Stored records:
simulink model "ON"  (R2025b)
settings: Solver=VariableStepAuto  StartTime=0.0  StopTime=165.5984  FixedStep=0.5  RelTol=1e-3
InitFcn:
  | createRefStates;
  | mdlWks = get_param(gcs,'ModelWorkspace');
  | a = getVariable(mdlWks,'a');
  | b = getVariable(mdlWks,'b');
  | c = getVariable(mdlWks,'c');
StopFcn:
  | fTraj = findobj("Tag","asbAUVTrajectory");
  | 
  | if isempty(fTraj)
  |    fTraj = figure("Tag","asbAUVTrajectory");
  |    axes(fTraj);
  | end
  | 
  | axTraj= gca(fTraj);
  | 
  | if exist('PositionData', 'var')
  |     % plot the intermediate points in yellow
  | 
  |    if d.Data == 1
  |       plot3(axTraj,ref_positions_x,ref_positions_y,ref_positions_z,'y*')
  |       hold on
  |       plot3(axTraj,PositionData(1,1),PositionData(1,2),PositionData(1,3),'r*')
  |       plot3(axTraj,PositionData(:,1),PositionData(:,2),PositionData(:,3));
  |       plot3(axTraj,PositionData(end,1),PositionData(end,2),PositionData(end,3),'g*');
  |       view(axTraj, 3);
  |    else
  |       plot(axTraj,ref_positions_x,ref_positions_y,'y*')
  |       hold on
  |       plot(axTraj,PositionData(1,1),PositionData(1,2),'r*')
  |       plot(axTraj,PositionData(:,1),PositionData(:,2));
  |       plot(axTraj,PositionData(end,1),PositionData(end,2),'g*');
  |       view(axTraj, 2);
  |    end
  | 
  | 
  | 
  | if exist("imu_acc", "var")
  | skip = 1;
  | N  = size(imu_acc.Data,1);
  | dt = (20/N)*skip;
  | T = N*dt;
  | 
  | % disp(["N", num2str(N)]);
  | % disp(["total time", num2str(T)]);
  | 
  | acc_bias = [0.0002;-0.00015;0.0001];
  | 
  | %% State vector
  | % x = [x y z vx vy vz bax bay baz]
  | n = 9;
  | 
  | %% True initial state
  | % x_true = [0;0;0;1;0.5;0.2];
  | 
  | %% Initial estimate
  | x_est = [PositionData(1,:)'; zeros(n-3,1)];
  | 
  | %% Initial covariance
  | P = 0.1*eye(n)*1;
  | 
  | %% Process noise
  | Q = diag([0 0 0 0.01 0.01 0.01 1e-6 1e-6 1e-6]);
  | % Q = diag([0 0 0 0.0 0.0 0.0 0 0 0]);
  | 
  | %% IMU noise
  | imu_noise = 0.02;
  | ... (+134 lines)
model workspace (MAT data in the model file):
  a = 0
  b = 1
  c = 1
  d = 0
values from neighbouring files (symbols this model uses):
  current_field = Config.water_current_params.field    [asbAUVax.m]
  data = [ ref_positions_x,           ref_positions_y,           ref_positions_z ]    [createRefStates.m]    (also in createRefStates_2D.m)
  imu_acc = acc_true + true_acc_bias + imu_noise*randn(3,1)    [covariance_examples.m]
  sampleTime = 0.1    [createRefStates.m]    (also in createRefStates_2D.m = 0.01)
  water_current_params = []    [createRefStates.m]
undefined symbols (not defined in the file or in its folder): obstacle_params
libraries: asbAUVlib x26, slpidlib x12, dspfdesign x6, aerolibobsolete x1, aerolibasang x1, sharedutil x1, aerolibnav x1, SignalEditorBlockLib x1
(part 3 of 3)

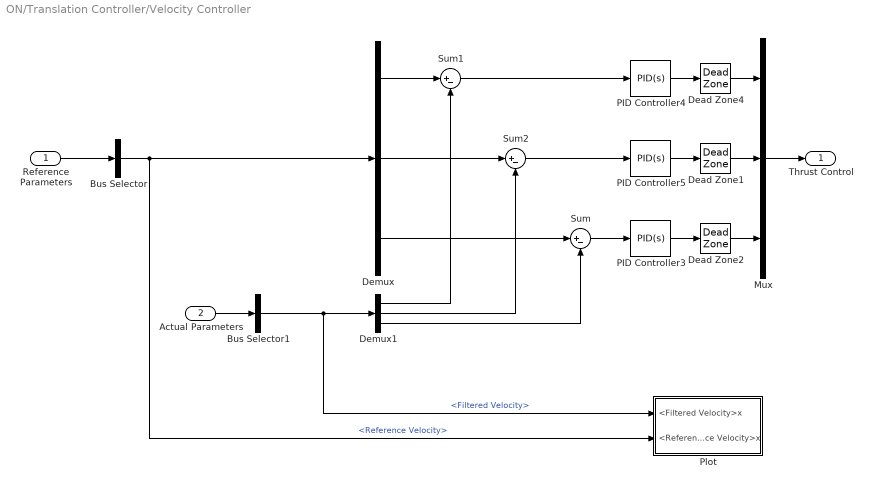
== system ON/Translation Controller/Velocity Controller ==
  Reference Parameters : Inport
  Actual Parameters : Inport  Port=2
  Bus Selector : BusSelector  OutputSignals=Reference Velocity
  Bus Selector1 : BusSelector  OutputSignals=Filtered Velocity
  Dead Zone1 : DeadZone  LowerValue=-0.05  UpperValue=+0.05
  Dead Zone2 : DeadZone  LowerValue=-0.05  UpperValue=+0.05
  Dead Zone4 : DeadZone  LowerValue=-0.05  UpperValue=+0.05
  Demux : Demux  Outputs=3
  Demux1 : Demux  Outputs=3
  Mux : Mux  Inputs=3
  PID Controller3 : slpidlib/PID Controller  Controller=PID  Form=Parallel  TimeDomain=Continuous-time  UseExternalTs=off  SampleTime=-1  IntegratorMethod=Forward Euler  FilterMethod=Forward Euler  ControllerParametersSource=internal  P=-0.61964554396314  I=-0.140214385843897  UseKiTs=off  D=0.00440045709674139  UseExternalDerivativeSource=off  N=140.813904178727  UseFilter=on  TunerSelectOption=Transfer Function Based (PID Tuner App)  InitialConditionSource=internal  InitialConditionForIntegrator=0  InitialConditionForFilter=0  DifferentiatorICPrevScaledInput=0  ExternalReset=none  TrackingMode=off  Kt=1  LimitOutput=off  SatLimitsSource=internal  UpperSaturationLimit=inf  LowerSaturationLimit=-inf  LinearizeAsGain=on  AntiWindupMode=none  Kb=1  LimitIntegrator=off  UpperIntegratorSaturationLimit=inf  LowerIntegratorSaturationLimit=-inf  POutMin=[]  POutMax=[]  IOutMin=[]  IOutMax=[]  DOutMin=[]  DOutMax=[]  NOutMin=[]  NOutMax=[]  SumOutMin=[]  SumOutMax=[]  SaturationOutMin=[]  SaturationOutMax=[]  PParamMin=[]  PParamMax=[]  IParamMin=[]  IParamMax=[]  DParamMin=[]  DParamMax=[]  NParamMin=[]  NParamMax=[]  KbParamMin=[]  KbParamMax=[]  KtParamMin=[]  KtParamMax=[]  KbOutMin=[]  KbOutMax=[]  KtOutMin=[]  KtOutMax=[]  IntegratorOutMin=[]  IntegratorOutMax=[]  FilterOutMin=[]  FilterOutMax=[]  SumI1OutMin=[]  SumI1OutMax=[]  SumI2OutMin=[]  SumI2OutMax=[]  SumI3OutMin=[]  SumI3OutMax=[]  SumI4OutMin=[]  SumI4OutMax=[]  SumDOutMin=[]  SumDOutMax=[]  DifferentiatorOutMin=[]  DifferentiatorOutMax=[]  FilterDiffOutCoefMin=[]  FilterDiffOutCoefMax=[]  ReciprocalOutMin=[]  ReciprocalOutMax=[]  SumDenOutMin=[]  SumDenOutMax=[]  SumNumOutMin=[]  SumNumOutMax=[]  DivideOutMin=[]  DivideOutMax=[]  UdiffTsProdOutMin=[]  UdiffTsProdOutMax=[]  NTsProdOutMin=[]  NTsProdOutMax=[]  UintegralTsProdOutMin=[]  UintegralTsProdOutMax=[]  UngainTsProdOutMin=[]  UngainTsProdOutMax=[]  ClampingZeroOutDataTypeStr=Inherit: Inherit via back propagation  ClampingZeroOutMin=[]  ClampingZeroOutMax=[]  FilterDenConstantOutDataTypeStr=Inherit: Inherit via back propagation  FilterDenConstantOutMin=[]  FilterDenConstantOutMax=[]  PCopyOutDataTypeStr=Inherit: Inherit via back propagation  PCopyOutMin=[]  PCopyOutMax=[]  NCopyOutDataTypeStr=Inherit: Inherit via back propagation  NCopyOutMin=[]  NCopyOutMax=[]  IntegratorContinuousStateAttributes=''  IntegratorStateMustResolveToSignalObject=off  IntegratorRTWStateStorageClass=Auto  FilterContinuousStateAttributes=''  FilterStateMustResolveToSignalObject=off  FilterRTWStateStorageClass=Auto  ParallelPVariant=InternalParameters  IdealPVariant=Disabled  IVariant=InternalParameters  DVariant=InternalParameters  IntegratorVariant=Continuous  SatVariant=Disabled  AWVariant=Passthrough  PCopyVariant=Disabled  TRVariant=Disabled  FdbkBlocksVariant=Forward  IdealPFdbkVariant=Disabled  SatFdbkVariant=Disabled  DerivativeFilterVariant=ContFilter  NVariant=InternalParameters  NCopyVariant=Disabled  FilterICVariant=InternalICsFilter  IntegratorICVariant=InternalICs  ExternalResetVariant=Disabled  TRSumVariant=Passthrough  SumFdbkVariant=Disabled  SumVariant=Sum_PID  TsampFilterVariant=InternalTs  TsampNgainVariant=Passthrough  TsampIntegralVariant=Disabled_SignalSpec  ExternalSaturationOutDataTypeStr=Inherit: Same as second input  DerivativeSourceVariant=ErrorSignal  PreIntVariant=InternalPreInt
  PID Controller4 : slpidlib/PID Controller  Controller=PID  Form=Parallel  TimeDomain=Continuous-time  UseExternalTs=off  SampleTime=-1  IntegratorMethod=Forward Euler  FilterMethod=Forward Euler  ControllerParametersSource=internal  P=0.262050505979025  I=0.0518732197045156  UseKiTs=off  D=-0.0235509594288088  UseExternalDerivativeSource=off  N=11.1269567072699  UseFilter=on  TunerSelectOption=Transfer Function Based (PID Tuner App)  InitialConditionSource=internal  InitialConditionForIntegrator=0  InitialConditionForFilter=0  DifferentiatorICPrevScaledInput=0  ExternalReset=none  TrackingMode=off  Kt=1  LimitOutput=off  SatLimitsSource=internal  UpperSaturationLimit=inf  LowerSaturationLimit=-inf  LinearizeAsGain=on  AntiWindupMode=none  Kb=1  LimitIntegrator=off  UpperIntegratorSaturationLimit=inf  LowerIntegratorSaturationLimit=-inf  POutMin=[]  POutMax=[]  IOutMin=[]  IOutMax=[]  DOutMin=[]  DOutMax=[]  NOutMin=[]  NOutMax=[]  SumOutMin=[]  SumOutMax=[]  SaturationOutMin=[]  SaturationOutMax=[]  PParamMin=[]  PParamMax=[]  IParamMin=[]  IParamMax=[]  DParamMin=[]  DParamMax=[]  NParamMin=[]  NParamMax=[]  KbParamMin=[]  KbParamMax=[]  KtParamMin=[]  KtParamMax=[]  KbOutMin=[]  KbOutMax=[]  KtOutMin=[]  KtOutMax=[]  IntegratorOutMin=[]  IntegratorOutMax=[]  FilterOutMin=[]  FilterOutMax=[]  SumI1OutMin=[]  SumI1OutMax=[]  SumI2OutMin=[]  SumI2OutMax=[]  SumI3OutMin=[]  SumI3OutMax=[]  SumI4OutMin=[]  SumI4OutMax=[]  SumDOutMin=[]  SumDOutMax=[]  DifferentiatorOutMin=[]  DifferentiatorOutMax=[]  FilterDiffOutCoefMin=[]  FilterDiffOutCoefMax=[]  ReciprocalOutMin=[]  ReciprocalOutMax=[]  SumDenOutMin=[]  SumDenOutMax=[]  SumNumOutMin=[]  SumNumOutMax=[]  DivideOutMin=[]  DivideOutMax=[]  UdiffTsProdOutMin=[]  UdiffTsProdOutMax=[]  NTsProdOutMin=[]  NTsProdOutMax=[]  UintegralTsProdOutMin=[]  UintegralTsProdOutMax=[]  UngainTsProdOutMin=[]  UngainTsProdOutMax=[]  ClampingZeroOutDataTypeStr=Inherit: Inherit via back propagation  ClampingZeroOutMin=[]  ClampingZeroOutMax=[]  FilterDenConstantOutDataTypeStr=Inherit: Inherit via back propagation  FilterDenConstantOutMin=[]  FilterDenConstantOutMax=[]  PCopyOutDataTypeStr=Inherit: Inherit via back propagation  PCopyOutMin=[]  PCopyOutMax=[]  NCopyOutDataTypeStr=Inherit: Inherit via back propagation  NCopyOutMin=[]  NCopyOutMax=[]  IntegratorContinuousStateAttributes=''  IntegratorStateMustResolveToSignalObject=off  IntegratorRTWStateStorageClass=Auto  FilterContinuousStateAttributes=''  FilterStateMustResolveToSignalObject=off  FilterRTWStateStorageClass=Auto  ParallelPVariant=InternalParameters  IdealPVariant=Disabled  IVariant=InternalParameters  DVariant=InternalParameters  IntegratorVariant=Continuous  SatVariant=Disabled  AWVariant=Passthrough  PCopyVariant=Disabled  TRVariant=Disabled  FdbkBlocksVariant=Forward  IdealPFdbkVariant=Disabled  SatFdbkVariant=Disabled  DerivativeFilterVariant=ContFilter  NVariant=InternalParameters  NCopyVariant=Disabled  FilterICVariant=InternalICsFilter  IntegratorICVariant=InternalICs  ExternalResetVariant=Disabled  TRSumVariant=Passthrough  SumFdbkVariant=Disabled  SumVariant=Sum_PID  TsampFilterVariant=InternalTs  TsampNgainVariant=Passthrough  TsampIntegralVariant=Disabled_SignalSpec  ExternalSaturationOutDataTypeStr=Inherit: Same as second input  DerivativeSourceVariant=ErrorSignal  PreIntVariant=InternalPreInt
  PID Controller5 : slpidlib/PID Controller  Controller=PID  Form=Parallel  TimeDomain=Continuous-time  UseExternalTs=off  SampleTime=-1  IntegratorMethod=Forward Euler  FilterMethod=Forward Euler  ControllerParametersSource=internal  P=1.14371295451496  I=0.548529610159355  UseKiTs=off  D=-0.00383210771245667  UseExternalDerivativeSource=off  N=298.455325458939  UseFilter=on  TunerSelectOption=Transfer Function Based (PID Tuner App)  InitialConditionSource=internal  InitialConditionForIntegrator=0  InitialConditionForFilter=0  DifferentiatorICPrevScaledInput=0  ExternalReset=none  TrackingMode=off  Kt=1  LimitOutput=off  SatLimitsSource=internal  UpperSaturationLimit=inf  LowerSaturationLimit=-inf  LinearizeAsGain=on  AntiWindupMode=none  Kb=1  LimitIntegrator=off  UpperIntegratorSaturationLimit=inf  LowerIntegratorSaturationLimit=-inf  POutMin=[]  POutMax=[]  IOutMin=[]  IOutMax=[]  DOutMin=[]  DOutMax=[]  NOutMin=[]  NOutMax=[]  SumOutMin=[]  SumOutMax=[]  SaturationOutMin=[]  SaturationOutMax=[]  PParamMin=[]  PParamMax=[]  IParamMin=[]  IParamMax=[]  DParamMin=[]  DParamMax=[]  NParamMin=[]  NParamMax=[]  KbParamMin=[]  KbParamMax=[]  KtParamMin=[]  KtParamMax=[]  KbOutMin=[]  KbOutMax=[]  KtOutMin=[]  KtOutMax=[]  IntegratorOutMin=[]  IntegratorOutMax=[]  FilterOutMin=[]  FilterOutMax=[]  SumI1OutMin=[]  SumI1OutMax=[]  SumI2OutMin=[]  SumI2OutMax=[]  SumI3OutMin=[]  SumI3OutMax=[]  SumI4OutMin=[]  SumI4OutMax=[]  SumDOutMin=[]  SumDOutMax=[]  DifferentiatorOutMin=[]  DifferentiatorOutMax=[]  FilterDiffOutCoefMin=[]  FilterDiffOutCoefMax=[]  ReciprocalOutMin=[]  ReciprocalOutMax=[]  SumDenOutMin=[]  SumDenOutMax=[]  SumNumOutMin=[]  SumNumOutMax=[]  DivideOutMin=[]  DivideOutMax=[]  UdiffTsProdOutMin=[]  UdiffTsProdOutMax=[]  NTsProdOutMin=[]  NTsProdOutMax=[]  UintegralTsProdOutMin=[]  UintegralTsProdOutMax=[]  UngainTsProdOutMin=[]  UngainTsProdOutMax=[]  ClampingZeroOutDataTypeStr=Inherit: Inherit via back propagation  ClampingZeroOutMin=[]  ClampingZeroOutMax=[]  FilterDenConstantOutDataTypeStr=Inherit: Inherit via back propagation  FilterDenConstantOutMin=[]  FilterDenConstantOutMax=[]  PCopyOutDataTypeStr=Inherit: Inherit via back propagation  PCopyOutMin=[]  PCopyOutMax=[]  NCopyOutDataTypeStr=Inherit: Inherit via back propagation  NCopyOutMin=[]  NCopyOutMax=[]  IntegratorContinuousStateAttributes=''  IntegratorStateMustResolveToSignalObject=off  IntegratorRTWStateStorageClass=Auto  FilterContinuousStateAttributes=''  FilterStateMustResolveToSignalObject=off  FilterRTWStateStorageClass=Auto  ParallelPVariant=InternalParameters  IdealPVariant=Disabled  IVariant=InternalParameters  DVariant=InternalParameters  IntegratorVariant=Continuous  SatVariant=Disabled  AWVariant=Passthrough  PCopyVariant=Disabled  TRVariant=Disabled  FdbkBlocksVariant=Forward  IdealPFdbkVariant=Disabled  SatFdbkVariant=Disabled  DerivativeFilterVariant=ContFilter  NVariant=InternalParameters  NCopyVariant=Disabled  FilterICVariant=InternalICsFilter  IntegratorICVariant=InternalICs  ExternalResetVariant=Disabled  TRSumVariant=Passthrough  SumFdbkVariant=Disabled  SumVariant=Sum_PID  TsampFilterVariant=InternalTs  TsampNgainVariant=Passthrough  TsampIntegralVariant=Disabled_SignalSpec  ExternalSaturationOutDataTypeStr=Inherit: Same as second input  DerivativeSourceVariant=ErrorSignal  PreIntVariant=InternalPreInt
  Plot : Subsystem  AncestorBlock=asbAUVlib/Plot
  Sum : Sum  Inputs=|+-
  Sum1 : Sum  Inputs=|+-
  Sum2 : Sum  Inputs=|+-
  Thrust Control : Outport  VectorParamsAs1DForOutWhenUnconnected=off
  wires:
  Demux1/3 -> Sum/2
  PID Controller3/1 -> Dead Zone2/1
  Demux/3 -> Sum/1
  PID Controller4/1 -> Dead Zone4/1
  PID Controller5/1 -> Dead Zone1/1
  Demux/2 -> Sum2/1
  Dead Zone2/1 -> Mux/3
  Dead Zone1/1 -> Mux/2
  Demux/1 -> Sum1/1
  Demux1/1 -> Sum1/2
  Demux1/2 -> Sum2/2
  Dead Zone4/1 -> Mux/1
  Mux/1 -> Thrust Control/1
  Sum1/1 -> PID Controller4/1
  Sum2/1 -> PID Controller5/1
  Sum/1 -> PID Controller3/1
  Bus Selector/1 -> Plot/2(<Reference Velocity>x), Demux/1  "<Reference Velocity>"
  Reference Parameters/1 -> Bus Selector/1
  Bus Selector1/1 -> Plot/1(<Filtered Velocity>x), Demux1/1  "<Filtered Velocity>"
  Actual Parameters/1 -> Bus Selector1/1

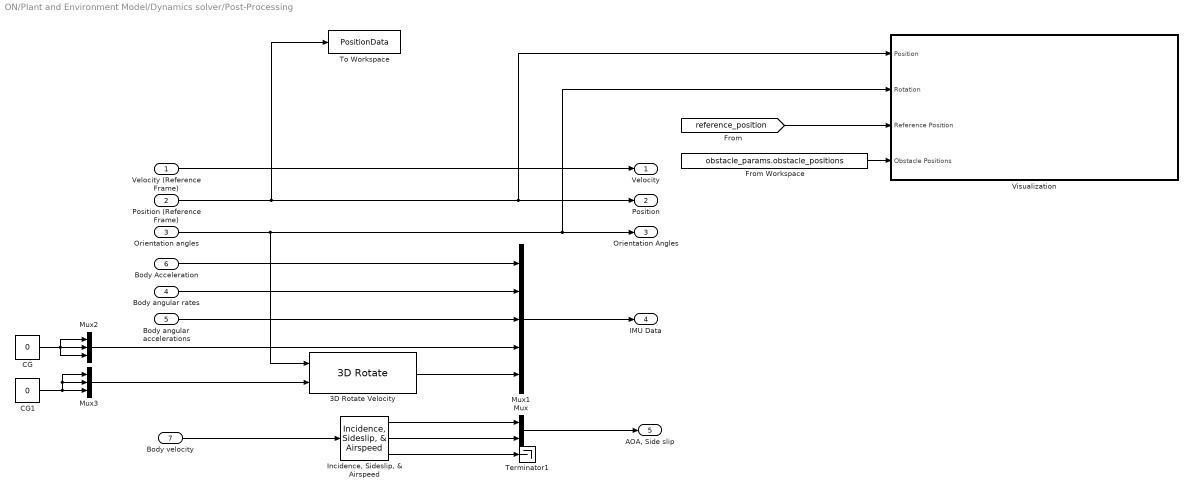
== system ON/Plant and Environment Model/Dynamics solver/Post-Processing ==
  Velocity (Reference Frame) : Inport
  Position (Reference Frame) : Inport  Port=2
  Orientation angles : Inport  Port=3
  Body angular rates : Inport  Port=4
  Body angular accelerations : Inport  Port=5
  Body Acceleration : Inport  Port=6
  Body velocity : Inport  Port=7
  3D Rotate Velocity : asbAUVlib/3D Rotate   SystemSampleTime=-1  VariantActivationTime=update diagram  EmptyChoice=off  PassThrough=off  PassThroughVariantControl=(default)  EmptyChoiceVariantControl=(default)  AllowFlexibleInterface=on  Latency=0  AutoFrameSizeCalculation=off
  CG : Constant  Value=0
  CG1 : Constant  Value=0
  From Workspace : FromWorkspace  VariableName=obstacle_params.obstacle_positions
  "Incidence, Sideslip, & Airspeed" : aerolibasang/Incidence, Sideslip, & Airspeed
  Mux : Mux  Inputs=2
  Mux1 : Mux  Inputs=5
  Mux2 : Mux  Inputs=3
  Mux3 : Mux  Inputs=3
  Terminator1 : Terminator
  To Workspace : ToWorkspace  VariableName=PositionData  SampleTime=-1
  Visualization : Subsystem  mask(6DoF_Animation){u2=sampleTime*10, u8=on, u9=d, u10=water_current_params, u11=obstacle_params}
      mask prompts: u2 "aeroblks:aeroblkanim6dof:block6DoF_AnimationParamTimeintervalbetweenupdates"; u8 "aeroblks:aeroblkanim6dof:block6DoF_AnimationParamEnableanimation"; u9 "2D or 3D plotting"; u10 "Water Current Parameters"; u11 "Obstacle Parameters"
      mask help: aeroblks:aeroblkanim6dof:block6DoF_AnimationDesc
      mask init:
      | aeroicon('aeroblk');
      | Config.update = u2;
      | Config.Animenable = u8;
      | Config.Model = bdroot(gcb);
      | Config.dimension = u9;
      | Config.water_current_params = u10;
      | Config.obstacle_params = u11;
      mask Help: eval('asbhelp(''sixdof_animation'')');
      mask DialogControl DescGroupVar Prompt: Animation
      mask DialogControl DescTextVar Prompt: Show animation of body
      mask DialogControl u2 Prompt: Time interval between updates:
      mask DialogControl u8 Prompt: Enable animation
      mask Display:
      | port_label('input',1,'x_e','texmode','on');
      | port_label('input',2,'\phi \theta \psi','texmode','on');
  Velocity : Outport  VectorParamsAs1DForOutWhenUnconnected=off
  " Position" : Outport  Port=2  VectorParamsAs1DForOutWhenUnconnected=off
  Orientation Angles : Outport  Port=3  VectorParamsAs1DForOutWhenUnconnected=off
  IMU Data : Outport  Port=4  VectorParamsAs1DForOutWhenUnconnected=off
  "AOA, Side slip" : Outport  Port=5  VectorParamsAs1DForOutWhenUnconnected=off
  wires:
  Body angular accelerations/1 -> Mux1/3
  "Incidence, Sideslip, & Airspeed"/2 -> Mux/2
  Body velocity/1 -> "Incidence, Sideslip, & Airspeed"/1
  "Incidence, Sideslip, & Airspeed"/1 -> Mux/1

§ **YOUR ASSIGNMENT**:
Look through the entries and return each line that has the word "Actual" in it.

§ **RESPONSE BOX**:
  Actual Parameters : Inport  Port=2
  Actual Parameters/1 -> Bus Selector1/1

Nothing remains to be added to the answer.